Wednesday, March 19, 2014

But Mom...he did!



My mother had a very firm rule that we weren't supposed to smoke in our house. I know that she didn't want us to smoke at all but I don't know if she actually forbid us from doing that. I just know we weren't supposed to do it in the house. My parents' friends could smoke and even my sisters’ boyfriends could but not us kids.

Sometimes one of my sisters and I would smoke by exhaling into the fireplace. Because my parents now live in another world, and because they never would agree to have email, I think I'm now safe with that confession. Smoking with my sister was a rite of passage for me. Growing up I had two older sisters. When the oldest went to college I was no longer the odd one out.

Before long my middle sister went off to college and I was the sole kid in the house. I'm not sure how much I smoked in my room after my parents went to bed, cautiously breathing the smoke out the window. One night my mom came in my room and caught me. She made me promise never to smoke in the house again. So what did this smart 15 year old kid do? He got busted the very next night.

Having a father that was an ace lawyer taught me how to wiggle out of tough situations. I told my mom that Confucius said that sometimes it was better to lie. I believe that was his version
of "skillful means" like the Lotus Sutra story about the father who lies to his kids who are in a burning house so that they drop their playthings and not become ashes.

My mom became more interested in my comment than in my smoking. She said, “surely Confusion did not say that.” “But Mom,” I said, “he did!” “Show me,” she said. Well, the next couple days my mom and I scoured the little Modern Library book that I still have, The Wisdom of Confucius. Finally one of us found the saying. I have no idea if I continued to smoke in my room but I did persuade my mom to drive me every night to a college library so that I could study there and ... smoke.


P.S. I am now looking through the book to find the quote.

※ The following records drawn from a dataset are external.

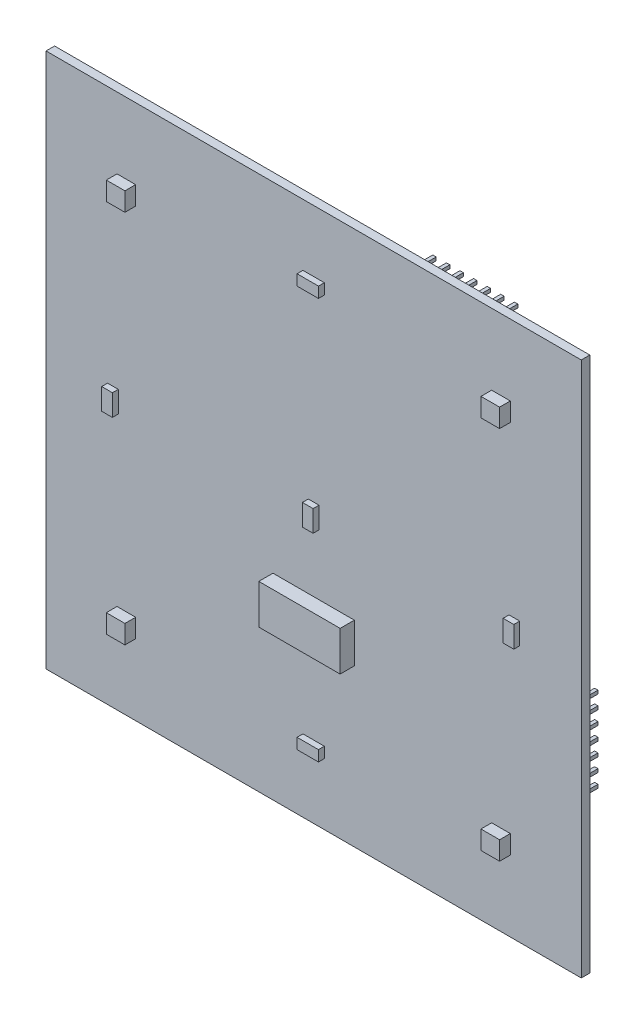
SolidWorks part; units mm, degrees
ref_plane "正面" through (0, 0, 0) normal (0, 0, 1) x (1, 0, 0)
ref_plane "平面" through (0, 0, 0) normal (0, 1, 0) x (1, 0, 0)
ref_plane "右側面" through (0, 0, 0) normal (1, 0, 0) x (0, 0, -1)
sketch "ｽｹｯﾁ1" plane through (0, 0, 0) normal (0, 0, 1) x (1, 0, 0)
  line L0 (-50, 0) -> (50, 0) construction
  line L1 (-50, 50) -> (50, 50)
  line L2 (-50, 50) -> (-50, -50)
  line L3 (-50, -50) -> (50, -50)
  line L4 (50, 50) -> (50, -50)
  line L5 (0, -50) -> (0, 50) construction
  point P8 (0, 0)
  dimension "D1" = 100
  dimension "D2" = 100
  dimension "D3" = 0
  dimension "D4" = 0
extrude "ﾎﾞｽ - 押し出し1" add sketch "ｽｹｯﾁ1" along normal blind 1.6
sketch "ｽｹｯﾁ4" plane through (0, 0, 0) normal (0, 0, -1) x (-1, 0, 0)
  line L0 (-50, -50) -> (-50, 50) construction
  line L1 (11.11, -41.35) -> (28.89, -41.35)
  line L2 (11.11, -41.35) -> (11.11, -43.85)
  line L3 (11.11, -43.85) -> (28.89, -43.85)
  line L4 (28.89, -41.35) -> (28.89, -43.85)
  line L5 (50, -50) -> (-50, -50) construction
  line L6 (50, 50) -> (50, -50) construction
  line L8 (-43.85, -11.11) -> (-41.35, -11.11)
  line L9 (-43.85, -11.11) -> (-43.85, -28.89)
  line L10 (-43.85, -28.89) -> (-41.35, -28.89)
  line L11 (-41.35, -11.11) -> (-41.35, -28.89)
  line L12 (-28.89, 43.85) -> (-11.11, 43.85)
  line L13 (-28.89, 43.85) -> (-28.89, 41.35)
  line L14 (-28.89, 41.35) -> (-11.11, 41.35)
  line L15 (-11.11, 43.85) -> (-11.11, 41.35)
  line L16 (-50, 50) -> (50, 50) construction
  line L18 (41.35, 28.89) -> (43.85, 28.89)
  line L19 (41.35, 28.89) -> (41.35, 11.11)
  line L20 (41.35, 11.11) -> (43.85, 11.11)
  line L21 (43.85, 28.89) -> (43.85, 11.11)
  point P4 (28.89, -42.6)
  point P7 (20, -43.85)
  point P14 (-43.85, -20)
  point P15 (-42.6, -28.89)
  point P22 (-28.89, 42.6)
  point P25 (43.85, 20)
  point P26 (-20, 43.85)
  point P31 (42.6, 28.89)
  dimension "D1" = 7.4
  dimension "D2" = 30
  dimension "D3" = 2.5
  dimension "D4" = 17.78
  dimension "D5" = 2.5
  dimension "D6" = 17.78
  dimension "D7" = 30
  dimension "D8" = 7.4
  dimension "D9" = 2.5
  dimension "D10" = 7.4
  dimension "D11" = 30
  dimension "D12" = 17.78
  dimension "D13" = 17.78
  dimension "D14" = 2.5
  dimension "D15" = 30
  dimension "D16" = 7.4
extrude "ﾎﾞｽ - 押し出し2" add sketch "ｽｹｯﾁ4" along normal blind 2.5
sketch "ｽｹｯﾁ5" plane through (0, 0, -2.5) normal (0, 0, -1) x (-1, 0, 0)
  line L1 (-20.32, 42.92) -> (-19.68, 42.92)
  line L2 (-20.32, 42.92) -> (-20.32, 42.28)
  line L3 (-20.32, 42.28) -> (-19.68, 42.28)
  line L4 (-19.68, 42.92) -> (-19.68, 42.28)
  line L5 (43.85, 28.89) -> (41.35, 28.89) construction
  line L6 (-11.11, 43.85) -> (-28.89, 43.85) construction
  line L7 (-28.89, 43.85) -> (-28.89, 41.35) construction
  line L8 (-43.85, -28.89) -> (-41.35, -28.89) construction
  line L9 (-17.78, 42.92) -> (-17.14, 42.92)
  line L10 (-17.78, 42.92) -> (-17.78, 42.28)
  line L11 (-17.78, 42.28) -> (-17.14, 42.28)
  line L12 (-17.14, 42.92) -> (-17.14, 42.28)
  line L13 (-15.24, 42.92) -> (-14.6, 42.92)
  line L14 (-15.24, 42.92) -> (-15.24, 42.28)
  line L15 (-15.24, 42.28) -> (-14.6, 42.28)
  line L16 (-14.6, 42.92) -> (-14.6, 42.28)
  line L17 (-12.7, 42.92) -> (-12.06, 42.92)
  line L18 (-12.7, 42.92) -> (-12.7, 42.28)
  line L19 (-12.7, 42.28) -> (-12.06, 42.28)
  line L20 (-12.06, 42.92) -> (-12.06, 42.28)
  line L21 (-22.86, 42.92) -> (-22.22, 42.92)
  line L22 (-22.86, 42.92) -> (-22.86, 42.28)
  line L23 (-22.86, 42.28) -> (-22.22, 42.28)
  line L24 (-22.22, 42.92) -> (-22.22, 42.28)
  line L25 (-25.4, 42.92) -> (-24.76, 42.92)
  line L26 (-25.4, 42.92) -> (-25.4, 42.28)
  line L27 (-25.4, 42.28) -> (-24.76, 42.28)
  line L28 (-24.76, 42.92) -> (-24.76, 42.28)
  line L29 (-27.94, 42.92) -> (-27.3, 42.92)
  line L30 (-27.94, 42.92) -> (-27.94, 42.28)
  line L31 (-27.94, 42.28) -> (-27.3, 42.28)
  line L32 (-27.3, 42.92) -> (-27.3, 42.28)
  line L33 (-42.92, -19.68) -> (-42.28, -19.68)
  line L34 (-42.92, -19.68) -> (-42.92, -20.32)
  line L35 (-42.92, -20.32) -> (-42.28, -20.32)
  line L36 (-42.28, -19.68) -> (-42.28, -20.32)
  line L37 (-43.85, -11.11) -> (-43.85, -28.89) construction
  line L38 (43.85, 11.11) -> (43.85, 28.89) construction
  line L39 (-42.92, -22.22) -> (-42.28, -22.22)
  line L40 (-42.92, -22.22) -> (-42.92, -22.86)
  line L41 (-42.92, -22.86) -> (-42.28, -22.86)
  line L42 (-42.28, -22.22) -> (-42.28, -22.86)
  line L44 (42.28, 19.68) -> (42.92, 19.68)
  line L45 (-42.92, -24.76) -> (-42.28, -24.76)
  line L46 (-42.92, -24.76) -> (-42.92, -25.4)
  line L47 (-42.92, -25.4) -> (-42.28, -25.4)
  line L48 (-42.28, -24.76) -> (-42.28, -25.4)
  line L49 (-42.92, -27.3) -> (-42.28, -27.3)
  line L50 (-42.92, -27.3) -> (-42.92, -27.94)
  line L51 (-42.92, -27.94) -> (-42.28, -27.94)
  line L52 (-42.28, -27.3) -> (-42.28, -27.94)
  line L53 (-42.92, -17.14) -> (-42.28, -17.14)
  line L54 (-42.92, -17.14) -> (-42.92, -17.78)
  line L55 (-42.92, -17.78) -> (-42.28, -17.78)
  line L56 (-42.28, -17.14) -> (-42.28, -17.78)
  line L57 (-42.92, -14.6) -> (-42.28, -14.6)
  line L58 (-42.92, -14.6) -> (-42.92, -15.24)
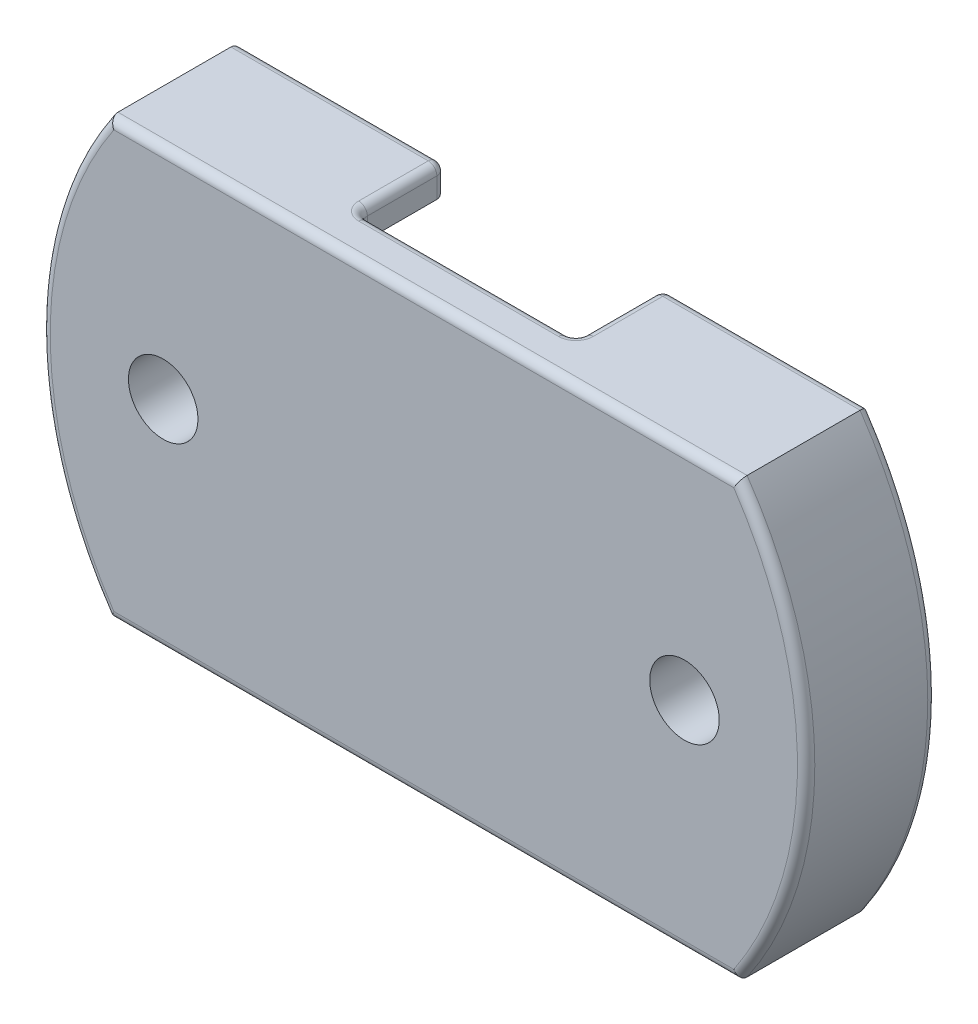
SolidWorks part; units mm, degrees
ref_plane "Front Plane" through (0, 0, 0) normal (0, 0, 1) x (1, 0, 0)
ref_plane "Top Plane" through (0, 0, 0) normal (0, 1, 0) x (1, 0, 0)
ref_plane "Right Plane" through (0, 0, 0) normal (1, 0, 0) x (0, 0, -1)
sketch "Sketch1" plane through (0, 0, 0) normal (0, 0, 1) x (1, 0, 0)
  line L0 (-73.039, 0) -> (73.039, 0) construction
  line L1 (-73.039, -25) -> (73.039, -25)
  line L2 (-73.039, 25) -> (73.039, 25)
  circle A0 centre (0, 0) radius 30
  circle A1 centre (-30, 0) radius 4
  circle A2 centre (30, 0) radius 4
  circle A3 centre (0, 0) radius 44
  circle A4 centre (0, 0) radius 17.5
  dimension "D1" = 60
  dimension "D2" = 8
  dimension "D3" = 88
  dimension "D6" = 35
  dimension "D4" = 25
  dimension "D5" = 25
sketch "Sketch2" plane through (0, 0, 0) normal (0, 0, 1) x (1, 0, 0)
  line L0 (-73.039, 25) -> (73.039, 25) construction
  line L1 (-73.039, -25) -> (73.039, -25) construction
  line L2 (-36.2077, 25) -> (36.2077, 25)
  line L3 (-36.2077, -25) -> (36.2077, -25)
  arc A0 (36.2077, -25) -> (36.2077, 25) centre (0, 0) ccw
  circle A1 centre (0, 0) radius 44
  arc A2 (-36.2077, 25) -> (-36.2077, -25) centre (0, 0) ccw
  dimension "D1" = 0
extrude "Boss-Extrude1" add sketch "Sketch2" along normal blind 15
sketch "Sketch3" plane through (0, 0, 0) normal (0, 0, 1) x (1, 0, 0)
  line L0 (12.5, 21.6506) -> (12.5, 42.5593)
  line L5 (12.5, -42.5593) -> (-12.5, -42.5593)
  line L6 (12.5, -42.5593) -> (12.5, -21.6506)
  line L7 (12.5, 42.5593) -> (-12.5, 42.5593)
  line L8 (-12.5, -42.5593) -> (-12.5, -21.6506)
  line L9 (12.5, -42.5593) -> (-12.5, 42.5593) construction
  line L10 (12.5, 42.5593) -> (-12.5, -42.5593) construction
  line L11 (-12.5, 21.6506) -> (-12.5, 42.5593)
  arc A0 (-12.5, 21.6506) -> (-12.5, -21.6506) centre (0, 0) ccw
  arc A3 (12.5, -21.6506) -> (12.5, 21.6506) centre (0, 0) ccw
  dimension "D1" = 50
  dimension "D2" = 25
extrude "Cut-Extrude1" cut sketch "Sketch3" along normal blind 10
fillet "Fillet1" radius 1 24 edges at (0, -25, 10) (0, 25, 10) (-24.3539, 25, 0) (-44, 0, 0) (-24.3539, -25, 0) (24.3539, -25, 0) (44, 0, 0) (24.3539, 25, 0) (12.5, 25, 5) (-12.5, 25, 5) (-12.5, -25, 5) (12.5, -25, 5) (-12.5, 23.3253, 10) (-25, 0, 10) (-12.5, -23.3253, 10) (12.5, -23.3253, 10) (25, 0, 10) (12.5, 23.3253, 10) (-25, 0, 0) (-12.5, 23.3253, 0) (-12.5, -23.3253, 0) (12.5, 23.3253, 0) (25, 0, 0) (12.5, -23.3253, 0)
fillet "Fillet2" radius 1 4 edges at (0, -25, 15) (-44, 0, 15) (0, 25, 15) (44, 0, 15)
sketch "Sketch4" plane through (0, 0, 15) normal (0, 0, 1) x (1, 0, 0)
  circle A0 centre (-30, 0) radius 4 construction
  circle A1 centre (30, 0) radius 4 construction
  circle A2 centre (-30, 0) radius 4
  circle A3 centre (30, 0) radius 4
extrude "Cut-Extrude2" cut sketch "Sketch4" against normal through all

So far, to no avail. But it was not easy to find the first time. I "Googled" it and could only find that Confucius said you should tell the truth. I'll add it to this post if and when I find it.

P.S.S. My cousin, Barbara, found this blogpost on lying in Confucianism and Taoism: http://uselesstree.typepad.com/useless_tree/2006/02/the_ethics_of_l.html

Tuesday, March 18, 2014

You Tell Me

I saw today a photo by Irving Penn of a pile of discarded cigarette butts. The photographer had made this as a large platinum print on beautiful paper. It probably would cost now in the 10s of thousands. I didn't like the series when I first saw it about 30 years ago, but today they made a lot more sense. Maybe I was too close then to being a recently quit smoker and remembered that I used to look through ash trays for barely smoked butts.

I was surprised to read recently that people with OCD aren't actually neatnics. I wonder what that is about.

As I sat down on the doan's cushion at the zendo tonight, I noticed a stick of incense on the floor. My mind was engaged in a vigorous debate of whether I should get up and pick it up. If meditation had begun I would not, but since it had not, I started thinking that our head teacher might be upset if (when) he saw it. I picked it up and put it on the incense table. Then I went back to my cushion and didn't give the incense on the floor another thought. Didn't, that is, until now. I also picked it up because I didn't want it to interrupt and occupy my mind during meditation. Thinking back on the occasion, I probably should have left it on the floor as an "opportunity for practice."

Should I have allowed this broken and renegade piece of stick incense where it wanted to hang out? Was the temple less holy because of its transgression?

You tell me.

Friday, January 24, 2014

Who is Perfect?


Prompt: I was thinking about the first time MLK was asked to join in a march. He said no, explaining he was the new minister in town and that he didn't want to make waves or endanger his family. A few days later he changed his mind. That's the MLK we know.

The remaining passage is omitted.